Re legalization: “the evidence does not show that it has succeeded.” … again with the evidence, but without showing any work that supports the assertion.
“The violence inherent in prostitution” … more faith, which does not follow from the references that precede it.
“what is legalized and normalized is not just individual prostitution transactions, but the prostitution industry.” … another giant leap, one that overlooks that prostitution has always been legal.
“For Canada to take this step would be both dangerous and discriminatory.” … Again, prostitution is already legal!
“We do not accept prostitution as a solution to women’s poverty” … and neither does anyone else.

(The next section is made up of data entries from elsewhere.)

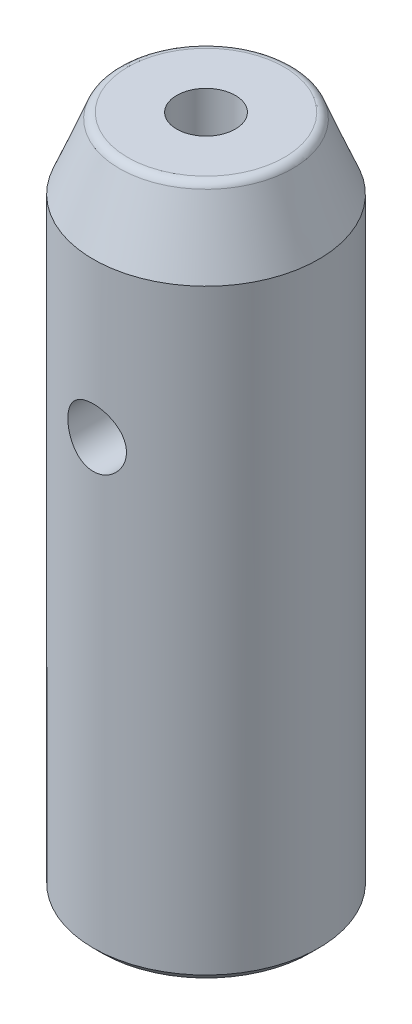
ISO-10303-21;
HEADER;
FILE_DESCRIPTION(('STEP AP214'),'2;1');
FILE_NAME('part.step','',(''),(''),'','','');
FILE_SCHEMA(('AUTOMOTIVE_DESIGN { 1 0 10303 214 1 1 1 1 }'));
ENDSEC;
DATA;
#1=APPLICATION_CONTEXT('core data for automotive mechanical design processes');
#2=APPLICATION_PROTOCOL_DEFINITION('international standard','automotive_design',2000,#1);
#3=PRODUCT_CONTEXT('',#1,'mechanical');
#4=PRODUCT('Part','Part','',(#3));
#5=PRODUCT_RELATED_PRODUCT_CATEGORY('part','',(#4));
#6=PRODUCT_DEFINITION_FORMATION('','',#4);
#7=PRODUCT_DEFINITION_CONTEXT('part definition',#1,'design');
#8=PRODUCT_DEFINITION('design','',#6,#7);
#9=PRODUCT_DEFINITION_SHAPE('','',#8);
#10=(LENGTH_UNIT() NAMED_UNIT(*) SI_UNIT(.MILLI.,.METRE.));
#11=(NAMED_UNIT(*) PLANE_ANGLE_UNIT() SI_UNIT($,.RADIAN.));
#12=(NAMED_UNIT(*) SI_UNIT($,.STERADIAN.) SOLID_ANGLE_UNIT());
#13=UNCERTAINTY_MEASURE_WITH_UNIT(LENGTH_MEASURE(1.E-05),#10,'distance_accuracy_value','');
#14=(GEOMETRIC_REPRESENTATION_CONTEXT(3) GLOBAL_UNCERTAINTY_ASSIGNED_CONTEXT((#13)) GLOBAL_UNIT_ASSIGNED_CONTEXT((#10,
#11,#12)) REPRESENTATION_CONTEXT('',''));
#15=CARTESIAN_POINT('',(0.,0.,0.));
#16=DIRECTION('',(0.,0.,1.));
#17=DIRECTION('',(1.,0.,0.));
#18=AXIS2_PLACEMENT_3D('',#15,#16,#17);
#19=CARTESIAN_POINT('',(0.,11.0000000000241,0.));
#20=DIRECTION('',(0.,-1.,0.));
#21=DIRECTION('',(0.,0.,-1.));
#22=AXIS2_PLACEMENT_3D('',#19,#20,#21);
#23=CONICAL_SURFACE('',#22,2.49999999999773,1.02974425868524);
#24=CARTESIAN_POINT('',(0.,12.5021515474941,-1.13686837721616E-10));
#25=VERTEX_POINT('',#24);
#26=VERTEX_LOOP('',#25);
#27=FACE_BOUND('',#26,.T.);
#28=CARTESIAN_POINT('',(0.,11.,0.));
#29=DIRECTION('',(0.,-1.,0.));
#30=DIRECTION('',(0.,0.,-1.));
#31=AXIS2_PLACEMENT_3D('',#28,#29,#30);
#32=CIRCLE('',#31,2.5);
#33=CARTESIAN_POINT('',(0.,11.,-2.5));
#34=VERTEX_POINT('',#33);
#35=EDGE_CURVE('E33',#34,#34,#32,.T.);
#36=ORIENTED_EDGE('',*,*,#35,.T.);
#37=EDGE_LOOP('',(#36));
#38=FACE_BOUND('',#37,.T.);
#39=ADVANCED_FACE('F17',(#27,#38),#23,.F.);
#40=CARTESIAN_POINT('',(0.,38.1,0.));
#41=DIRECTION('',(0.,1.,0.));
#42=DIRECTION('',(0.,0.,1.));
#43=AXIS2_PLACEMENT_3D('',#40,#41,#42);
#44=CYLINDRICAL_SURFACE('',#43,1.65);
#45=CARTESIAN_POINT('',(0.,38.1,0.));
#46=DIRECTION('',(0.,1.,0.));
#47=DIRECTION('',(0.,0.,1.));
#48=AXIS2_PLACEMENT_3D('',#45,#46,#47);
#49=CIRCLE('',#48,1.65);
#50=CARTESIAN_POINT('',(0.,38.1,1.65));
#51=VERTEX_POINT('',#50);
#52=EDGE_CURVE('E20',#51,#51,#49,.F.);
#53=ORIENTED_EDGE('',*,*,#52,.F.);
#54=EDGE_LOOP('',(#53));
#55=FACE_BOUND('',#54,.T.);
#56=CARTESIAN_POINT('',(0.,28.00000000002,0.));
#57=DIRECTION('',(0.,1.,0.));
#58=DIRECTION('',(0.,0.,1.));
#59=AXIS2_PLACEMENT_3D('',#56,#57,#58);
#60=CIRCLE('',#59,1.64999999992688);
#61=CARTESIAN_POINT('',(0.,28.00000000002,1.64999999992688));
#62=VERTEX_POINT('',#61);
#63=EDGE_CURVE('E37',#62,#62,#60,.F.);
#64=ORIENTED_EDGE('',*,*,#63,.T.);
#65=EDGE_LOOP('',(#64));
#66=FACE_BOUND('',#65,.T.);
#67=ADVANCED_FACE('F30',(#55,#66),#44,.F.);
#68=CARTESIAN_POINT('',(0.,0.,0.));
#69=DIRECTION('',(0.,-1.,0.));
#70=DIRECTION('',(0.,0.,-1.));
#71=AXIS2_PLACEMENT_3D('',#68,#69,#70);
#72=CYLINDRICAL_SURFACE('',#71,2.5);
#73=CARTESIAN_POINT('',(0.,0.,0.));
#74=DIRECTION('',(0.,-1.,0.));
#75=DIRECTION('',(0.,0.,-1.));
#76=AXIS2_PLACEMENT_3D('',#73,#74,#75);
#77=CIRCLE('',#76,2.5);
#78=CARTESIAN_POINT('',(0.,0.,-2.5));
#79=VERTEX_POINT('',#78);
#80=EDGE_CURVE('E95',#79,#79,#77,.T.);
#81=ORIENTED_EDGE('',*,*,#80,.T.);
#82=EDGE_LOOP('',(#81));
#83=FACE_BOUND('',#82,.T.);
#84=ORIENTED_EDGE('',*,*,#35,.F.);
#85=EDGE_LOOP('',(#84));
#86=FACE_BOUND('',#85,.T.);
#87=ADVANCED_FACE('F107',(#83,#86),#72,.F.);
#88=CARTESIAN_POINT('',(0.,38.1,0.));
#89=DIRECTION('',(0.,1.,0.));
#90=DIRECTION('',(0.,0.,1.));
#91=AXIS2_PLACEMENT_3D('',#88,#89,#90);
#92=PLANE('',#91);
#93=ORIENTED_EDGE('',*,*,#52,.T.);
#94=EDGE_LOOP('',(#93));
#95=FACE_BOUND('',#94,.T.);
#96=CARTESIAN_POINT('',(0.,38.1,0.));
#97=DIRECTION('',(0.,-1.,0.));
#98=DIRECTION('',(0.,0.,1.));
#99=AXIS2_PLACEMENT_3D('',#96,#97,#98);
#100=CIRCLE('',#99,4.41148351928659);
#101=CARTESIAN_POINT('',(0.,38.1,4.41148351928659));
#102=VERTEX_POINT('',#101);
#103=EDGE_CURVE('E90',#102,#102,#100,.T.);
#104=ORIENTED_EDGE('',*,*,#103,.F.);
#105=EDGE_LOOP('',(#104));
#106=FACE_BOUND('',#105,.T.);
#107=ADVANCED_FACE('F102',(#95,#106),#92,.T.);
#108=CARTESIAN_POINT('',(0.,28.00000000002,0.));
#109=DIRECTION('',(0.,1.,0.));
#110=DIRECTION('',(0.,0.,1.));
#111=AXIS2_PLACEMENT_3D('',#108,#109,#110);
#112=CONICAL_SURFACE('',#111,1.64999999992688,1.02974425867647);
#113=ORIENTED_EDGE('',*,*,#63,.F.);
#114=EDGE_LOOP('',(#113));
#115=FACE_BOUND('',#114,.T.);
#116=CARTESIAN_POINT('',(-0.0573261511325367,27.0490038545713,-0.0352116028123036));
#117=CARTESIAN_POINT('',(-0.0554022883564741,27.0490707375837,-0.038556116347012));
#118=CARTESIAN_POINT('',(-0.0531981532068544,27.0491440256652,-0.0417422648497794));
#119=CARTESIAN_POINT('',(-0.0482828474681584,27.049295242614,-0.0477003559953677));
#120=CARTESIAN_POINT('',(-0.045571176627391,27.0493731760078,-0.0504718850777985));
#121=CARTESIAN_POINT('',(-0.0397197199366535,27.0495244373037,-0.055503559686898));
#122=CARTESIAN_POINT('',(-0.0365810372526559,27.0495977763842,-0.0577649842878492));
#123=CARTESIAN_POINT('',(-0.0299586933464662,27.0497313166699,-0.0617075438590925));
#124=CARTESIAN_POINT('',(-0.0264751554199033,27.0497915225461,-0.0633888852683623));
#125=CARTESIAN_POINT('',(-0.0193829444498653,27.0498898330941,-0.0660675180039986));
#126=CARTESIAN_POINT('',(-0.0157819806981253,27.0499285905414,-0.0670852043273657));
#127=CARTESIAN_POINT('',(-0.00845849365793215,27.049982377865,-0.068485518452514));
#128=CARTESIAN_POINT('',(-0.00473598766995236,27.0499974111035,-0.06886823623814));
#129=CARTESIAN_POINT('',(0.0026303440330709,27.0500019182519,-0.0689835781464191));
#130=CARTESIAN_POINT('',(0.00627394045402025,27.0499919902664,-0.0687314146766817));
#131=CARTESIAN_POINT('',(0.0134664056922076,27.0499489665894,-0.0676177318403033));
#132=CARTESIAN_POINT('',(0.017015278206424,27.0499158718034,-0.066756236291472));
#133=CARTESIAN_POINT('',(0.023911489152531,27.0498303305146,-0.0644556751678007));
#134=CARTESIAN_POINT('',(0.0272592414135678,27.0497779254504,-0.0630178457912274));
#135=CARTESIAN_POINT('',(0.0336722325297795,27.0496595047019,-0.0596113616398685));
#136=CARTESIAN_POINT('',(0.0367374494462456,27.049593487962,-0.0576426656901093));
#137=CARTESIAN_POINT('',(0.042565565757976,27.0494535010409,-0.0531908473222734));
#138=CARTESIAN_POINT('',(0.0453212203986708,27.049379398544,-0.0506982522580331));
#139=CARTESIAN_POINT('',(0.0503905840951958,27.0492323170862,-0.0452983868932353));
#140=CARTESIAN_POINT('',(0.0527042278041586,27.0491593382928,-0.0423910553888745));
#141=CARTESIAN_POINT('',(0.0569012103048406,27.0490199553581,-0.0361466324304289));
#142=CARTESIAN_POINT('',(0.0587687275349002,27.0489538301738,-0.0327989006571047));
#143=CARTESIAN_POINT('',(0.0619336223044264,27.0488379981192,-0.0258437793221414));
#144=CARTESIAN_POINT('',(0.063230912492797,27.0487882937646,-0.0222363500767833));
#145=CARTESIAN_POINT('',(0.0652553482045757,27.0487094366802,-0.0147526756738244));
#146=CARTESIAN_POINT('',(0.065964975982419,27.0486809178465,-0.0108716787283606));
#147=CARTESIAN_POINT('',(0.0667340439080673,27.0486499679053,-0.00304555578656798));
#148=CARTESIAN_POINT('',(0.0667934141245729,27.0486475396036,0.000899577061502196));
#149=CARTESIAN_POINT('',(0.0662563776812016,27.0486692108696,0.00880601717686691));
#150=CARTESIAN_POINT('',(0.0656498993415126,27.0486937178691,0.0127666445127038));
#151=CARTESIAN_POINT('',(0.0637790846822597,27.0487671443867,0.0205294397628534));
#152=CARTESIAN_POINT('',(0.0625147342493535,27.0488160644286,0.0243316042757701));
#153=CARTESIAN_POINT('',(0.0593636482786148,27.0489325099751,0.0316538052088535));
#154=CARTESIAN_POINT('',(0.0574789897989906,27.0489999732662,0.0351747350834362));
#155=CARTESIAN_POINT('',(0.0531330610918169,27.0491457139671,0.0418408559754558));
#156=CARTESIAN_POINT('',(0.0506718458134014,27.0492239903461,0.0449860827564238));
#157=CARTESIAN_POINT('',(0.0452966677950328,27.0493802673108,0.0507363852188888));
#158=CARTESIAN_POINT('',(0.0423935966964446,27.0494582375328,0.0533516346682113));
#159=CARTESIAN_POINT('',(0.0361768853794523,27.0496062782607,0.0580380482193767));
#160=CARTESIAN_POINT('',(0.0328633252350365,27.0496763503024,0.0601093181899663));
#161=CARTESIAN_POINT('',(0.0260345207061876,27.0497980104142,0.0635776359221747));
#162=CARTESIAN_POINT('',(0.0225292487693694,27.0498501224462,0.0649943014809938));
#163=CARTESIAN_POINT('',(0.0153262893743198,27.0499327428713,0.0671998783707369));
#164=CARTESIAN_POINT('',(0.0116286384458393,27.0499632553499,0.0679889084196441));
#165=CARTESIAN_POINT('',(0.00425845377844512,27.0499985037144,0.0688976252329457));
#166=CARTESIAN_POINT('',(0.000588172157832474,27.0500039448395,0.0690356276513406));
#167=CARTESIAN_POINT('',(-0.00672239125698741,27.049990353846,0.0686873248544185));
#168=CARTESIAN_POINT('',(-0.0103626754763837,27.0499713237257,0.0682010706165511));
#169=CARTESIAN_POINT('',(-0.0174742174567961,27.0499112663567,0.066628908678843));
#170=CARTESIAN_POINT('',(-0.0209467584654534,27.0498704511517,0.0655487784335639));
#171=CARTESIAN_POINT('',(-0.0276647235734719,27.0497714875772,0.0628288651340028));
#172=CARTESIAN_POINT('',(-0.0309101368101057,27.0497133383792,0.0611890553342166));
#173=CARTESIAN_POINT('',(-0.0371317678743533,27.0495851175659,0.0573756078298115));
#174=CARTESIAN_POINT('',(-0.040103658519587,27.0495148926611,0.0551949234456392));
#175=CARTESIAN_POINT('',(-0.0456522709851782,27.0493706646999,0.0503787183853062));
#176=CARTESIAN_POINT('',(-0.0482289392833058,27.0492966611337,0.0477431362080121));
#177=CARTESIAN_POINT('',(-0.0529952978236249,27.0491504976728,0.0420098254992985));
#178=CARTESIAN_POINT('',(-0.0551713882269241,27.0490784558962,0.0389007905155657));
#179=CARTESIAN_POINT('',(-0.0589892048356415,27.0489463103858,0.032370363933503));
#180=CARTESIAN_POINT('',(-0.0606308682977522,27.0488862080539,0.0289489357196169));
#181=CARTESIAN_POINT('',(-0.0633853476853365,27.0487826626372,0.0217771220417472));
#182=CARTESIAN_POINT('',(-0.0644802191377082,27.0487397928603,0.0180198319858661));
#183=CARTESIAN_POINT('',(-0.0660384140146463,27.0486781191435,0.0103751798054958));
#184=CARTESIAN_POINT('',(-0.0665015009678746,27.0486593242146,0.0064877695356133));
#185=CARTESIAN_POINT('',(-0.0667883152752586,27.0486477323133,-0.00139174106050955));
#186=CARTESIAN_POINT('',(-0.0665985085714728,27.0486554856541,-0.00538433404697239));
#187=CARTESIAN_POINT('',(-0.0655536171695187,27.0486973640991,-0.0132782215478515));
#188=CARTESIAN_POINT('',(-0.0646992929569139,27.0487314590573,-0.0171796151786816));
#189=CARTESIAN_POINT('',(-0.0627577278483956,27.0488062439402,-0.0234565006415779));
#190=CARTESIAN_POINT('',(-0.0618549121945808,27.0488405131464,-0.0258906639057135));
#191=CARTESIAN_POINT('',(-0.0597856555422953,27.0489168418295,-0.0306442674073107));
#192=CARTESIAN_POINT('',(-0.0586192082689324,27.0489589014917,-0.0329637049124973));
#193=CARTESIAN_POINT('',(-0.0573261511325367,27.0490038545713,-0.0352116028123036));
#194=B_SPLINE_CURVE_WITH_KNOTS('',3,(#116,#117,#118,#119,#120,#121,#122,#123,#124,#125,#126,
#127,#128,#129,#130,#131,#132,#133,#134,#135,#136,#137,#138,#139,#140,#141,#142,#143,#144,#145,
#146,#147,#148,#149,#150,#151,#152,#153,#154,#155,#156,#157,#158,#159,#160,#161,#162,#163,#164,
#165,#166,#167,#168,#169,#170,#171,#172,#173,#174,#175,#176,#177,#178,#179,#180,#181,#182,#183,
#184,#185,#186,#187,#188,#189,#190,#191,#192,#193),.UNSPECIFIED.,.T.,.F.,(4,2,2,2,2,2,2,2,2,2,2,
2,2,2,2,2,2,2,2,2,2,2,2,2,2,2,2,2,2,2,2,2,2,2,2,2,2,2,4),(0.,0.0115675319698419,
0.0231465260800058,0.0346961551600966,0.0462416697286678,0.057413174282501,0.0685830955439932,
0.079487933392747,0.090392345012503,0.101273491483959,0.112155482159726,0.12325440338767,
0.134354964211771,0.145804638468706,0.157256066050655,0.169037677487108,0.180820555952747,
0.192784149582647,0.204747999878329,0.216672190819152,0.22859524577895,0.240261530903162,
0.251925543861198,0.263212779952904,0.274497880542819,0.285463519471979,0.296428262992586,
0.307288177678272,0.318148611401269,0.329158744395207,0.340170367101411,0.351505639797535,
0.362842242808747,0.37452978719499,0.386221704926459,0.398157436347895,0.410079528368755,
0.417854055693193,0.425628768084428),.UNSPECIFIED.);
#195=CARTESIAN_POINT('',(-0.0573261511325367,27.0490038545713,-0.0352116028123036));
#196=VERTEX_POINT('',#195);
#197=EDGE_CURVE('E86',#196,#196,#194,.T.);
#198=ORIENTED_EDGE('',*,*,#197,.T.);
#199=EDGE_LOOP('',(#198));
#200=FACE_BOUND('',#199,.T.);
#201=ADVANCED_FACE('F96',(#115,#200),#112,.F.);
#202=CARTESIAN_POINT('',(0.,0.,0.));
#203=DIRECTION('',(0.,1.,0.));
#204=DIRECTION('',(0.,0.,1.));
#205=AXIS2_PLACEMENT_3D('',#202,#203,#204);
#206=PLANE('',#205);
#207=ORIENTED_EDGE('',*,*,#80,.F.);
#208=EDGE_LOOP('',(#207));
#209=FACE_BOUND('',#208,.T.);
#210=CARTESIAN_POINT('',(0.,-1.13686837721616E-10,0.));
#211=DIRECTION('',(0.,1.,0.));
#212=DIRECTION('',(0.,0.,1.));
#213=AXIS2_PLACEMENT_3D('',#210,#211,#212);
#214=CIRCLE('',#213,5.84999999995262);
#215=CARTESIAN_POINT('',(0.,-1.13686837721616E-10,5.84999999995262));
#216=VERTEX_POINT('',#215);
#217=EDGE_CURVE('E83',#216,#216,#214,.T.);
#218=ORIENTED_EDGE('',*,*,#217,.F.);
#219=EDGE_LOOP('',(#218));
#220=FACE_BOUND('',#219,.T.);
#221=ADVANCED_FACE('F101',(#209,#220),#206,.F.);
#222=CARTESIAN_POINT('',(0.,37.6,0.));
#223=DIRECTION('',(0.,1.,0.));
#224=DIRECTION('',(0.,0.,1.));
#225=AXIS2_PLACEMENT_3D('',#222,#223,#224);
#226=TOROIDAL_SURFACE('',#225,4.41148351928659,0.5);
#227=ORIENTED_EDGE('',*,*,#103,.T.);
#228=EDGE_LOOP('',(#227));
#229=FACE_BOUND('',#228,.T.);
#230=CARTESIAN_POINT('',(0.,37.7856953381297,0.));
#231=DIRECTION('',(0.,-1.,0.));
#232=DIRECTION('',(0.,0.,-1.));
#233=AXIS2_PLACEMENT_3D('',#230,#231,#232);
#234=CIRCLE('',#233,4.87572186472107);
#235=CARTESIAN_POINT('',(0.,37.7856953381297,-4.87572186472107));
#236=VERTEX_POINT('',#235);
#237=EDGE_CURVE('E85',#236,#236,#234,.T.);
#238=ORIENTED_EDGE('',*,*,#237,.F.);
#239=EDGE_LOOP('',(#238));
#240=FACE_BOUND('',#239,.T.);
#241=ADVANCED_FACE('F76',(#229,#240),#226,.T.);
#242=CARTESIAN_POINT('',(0.,25.4,-6.35));
#243=DIRECTION('',(0.,0.,1.));
#244=DIRECTION('',(1.,0.,0.));
#245=AXIS2_PLACEMENT_3D('',#242,#243,#244);
#246=CYLINDRICAL_SURFACE('',#245,1.65);
#247=CARTESIAN_POINT('',(0.,27.05,-6.35));
#248=CARTESIAN_POINT('',(-0.091044846800309,27.0499976682171,-6.34999855029433));
#249=CARTESIAN_POINT('',(-0.182115106595808,27.0424390947502,-6.34802256023355));
#250=CARTESIAN_POINT('',(-0.361637722456892,27.012454585361,-6.34033166229604));
#251=CARTESIAN_POINT('',(-0.450088700922075,26.990020966117,-6.33461482219966));
#252=CARTESIAN_POINT('',(-0.621755015806406,26.9310607468939,-6.32007407349406));
#253=CARTESIAN_POINT('',(-0.704976759571182,26.8945518010085,-6.3112540582741));
#254=CARTESIAN_POINT('',(-0.864115385464066,26.8085413495376,-6.29144207556038));
#255=CARTESIAN_POINT('',(-0.940031879382966,26.7590391539967,-6.28044999273518));
#256=CARTESIAN_POINT('',(-1.08408361281692,26.6472915375345,-6.25721162305243));
#257=CARTESIAN_POINT('',(-1.1520343076235,26.5848124948755,-6.2449447581951));
#258=CARTESIAN_POINT('',(-1.27662045234933,26.4493844653781,-6.22067339979481));
#259=CARTESIAN_POINT('',(-1.33325452218134,26.3764342034133,-6.20866893841133));
#260=CARTESIAN_POINT('',(-1.43448627284162,26.2206782133016,-6.18607236088646));
#261=CARTESIAN_POINT('',(-1.47887409675302,26.1377319693092,-6.17550627575628));
#262=CARTESIAN_POINT('',(-1.55300255144221,25.9652354099852,-6.15728432495073));
#263=CARTESIAN_POINT('',(-1.58274573213215,25.8756862474721,-6.14962795269175));
#264=CARTESIAN_POINT('',(-1.62610440704154,25.6945636518915,-6.13830437157209));
#265=CARTESIAN_POINT('',(-1.6400533472151,25.6030753126707,-6.13455482406808));
#266=CARTESIAN_POINT('',(-1.65246676688997,25.4189861637562,-6.13122323298144));
#267=CARTESIAN_POINT('',(-1.65093398237216,25.3263855535157,-6.13164045303392));
#268=CARTESIAN_POINT('',(-1.63269273382032,25.1452833269616,-6.13652142945007));
#269=CARTESIAN_POINT('',(-1.61638516940253,25.0567379946043,-6.14087828157327));
#270=CARTESIAN_POINT('',(-1.56969829391199,24.8836852693902,-6.15297677618062));
#271=CARTESIAN_POINT('',(-1.53931790895914,24.7991781852302,-6.16071867697127));
#272=CARTESIAN_POINT('',(-1.46501490019537,24.635543333071,-6.17881066459292));
#273=CARTESIAN_POINT('',(-1.42094967522963,24.5564834562838,-6.18918799570478));
#274=CARTESIAN_POINT('',(-1.32062741969186,24.4067381047646,-6.2113666302963));
#275=CARTESIAN_POINT('',(-1.26436809941903,24.3360542066612,-6.22316820102254));
#276=CARTESIAN_POINT('',(-1.13919365005044,24.2027738510108,-6.2473127089509));
#277=CARTESIAN_POINT('',(-1.06994116814558,24.140494792232,-6.2596611060113));
#278=CARTESIAN_POINT('',(-0.921825284419546,24.0283711559869,-6.28318013507778));
#279=CARTESIAN_POINT('',(-0.842961540881459,23.9785270208217,-6.294350725182));
#280=CARTESIAN_POINT('',(-0.6773863951998,23.8925581170818,-6.31431860148111));
#281=CARTESIAN_POINT('',(-0.590645218331437,23.8564883312651,-6.32310633647018));
#282=CARTESIAN_POINT('',(-0.412050348558332,23.7995330425478,-6.33724917222535));
#283=CARTESIAN_POINT('',(-0.320197718854888,23.7786443945289,-6.34260498396524));
#284=CARTESIAN_POINT('',(-0.136698103214806,23.7531370047135,-6.34917395795849));
#285=CARTESIAN_POINT('',(-0.0451149873460234,23.7480864450094,-6.35049704173526));
#286=CARTESIAN_POINT('',(0.137588879967506,23.753209479221,-6.34916628370758));
#287=CARTESIAN_POINT('',(0.22870967574083,23.7633815847658,-6.34651283070241));
#288=CARTESIAN_POINT('',(0.406378044073726,23.7983062498575,-6.33759791632768));
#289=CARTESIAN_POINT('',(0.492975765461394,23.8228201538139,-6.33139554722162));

Please no straw men thanks.
Lastly, why does the letter divide “signatories” from “men in support”? What does that say about the authors position on sexist social relations? You can’t fight sexism by promoting sexism.
This letter reveals exactly who makes up the SWERF movement in Canada, and hints at their thinking and tactics…
The authors obviously have powerful feelings but their position is absurd, and therefore not the least bit feminist.
Apr 24, 2014 at 2:07pm
I want to be sympathetic to the arguments of the Nordic side, but i think they have the wrong target. Prostitution happens very simply because the demand for sex is greater than the supply. I realize that the Nordic side is trying to do right and support social justice–I share their general concerns. I wish I could share their conviction that long lectures about abused women or stringent legal measures against men who are seeking sex would eliminate prostitution, but I don't think it will.
Unfortunately there's a capitalistic and monetized relationship at the base of prostitution; it is the idea of a woman's body as property. But the Nordics, instead of attacking the property idea (e.g. capitalism is the source of women's oppression) attack its gender leanings (e.g. men are the source of women's exploitation). As a man, when I hear about the Nordic position, I am saddened, hurt, and angry.
Just as there are some women who buy into the anti-abortion position, so there are some men who buy into the Nordic position. I would suggest that they are exactly analogous.
Apr 24, 2014 at 6:26pm
Laws don't work, never have. In Florida where it's extremely illegal for both sex worker and client, the trick simply declares "Here is a gift for you" and presents payment which avoids all prosecution if it's an undercover sting. That's how easy this illegal buying legislation can be bypassed. There's dozens of other ways, including third party payment which brings back pimps.
Whoever drafted this letter should contact male, transgender, and female sex workers advertising in the hundreds of forums, agency sites and classifieds and ask them if they appreciate having somebody meddling with their livelihoods because "it's in their best interests".
Apr 24, 2014 at 6:47pm
Since male sex workers have no mention in this letter I can build an enormous gay brothel then fight any charges trying to shut it down by using this letter of experts in court which clearly proves sex work is only harmful to women.
Apr 24, 2014 at 8:17pm
This is unfortunately quite typical of attacks by the prohibitionists on consensual adult prostitution. Lengthy screeds full of hysterical concern "for the children" and hurt feelings but short on actual statistics backing up their position with most of their so-called statistics being willfully misinterpreted or being read from studies with serious methodological issues. The vast majority of papers supporting decriminalization are more likely to be logically presented with valid statistics supporting their position.
When bad feelz is the best evidence you can present your position must be disregarded and I am hopeful that the federal government will do the least possible damage is this situation. The ideal approach would be for the federal government to do nothing and simply let the old, flawed laws lapse but that is unlikely to be the approach of our increasingly statist society.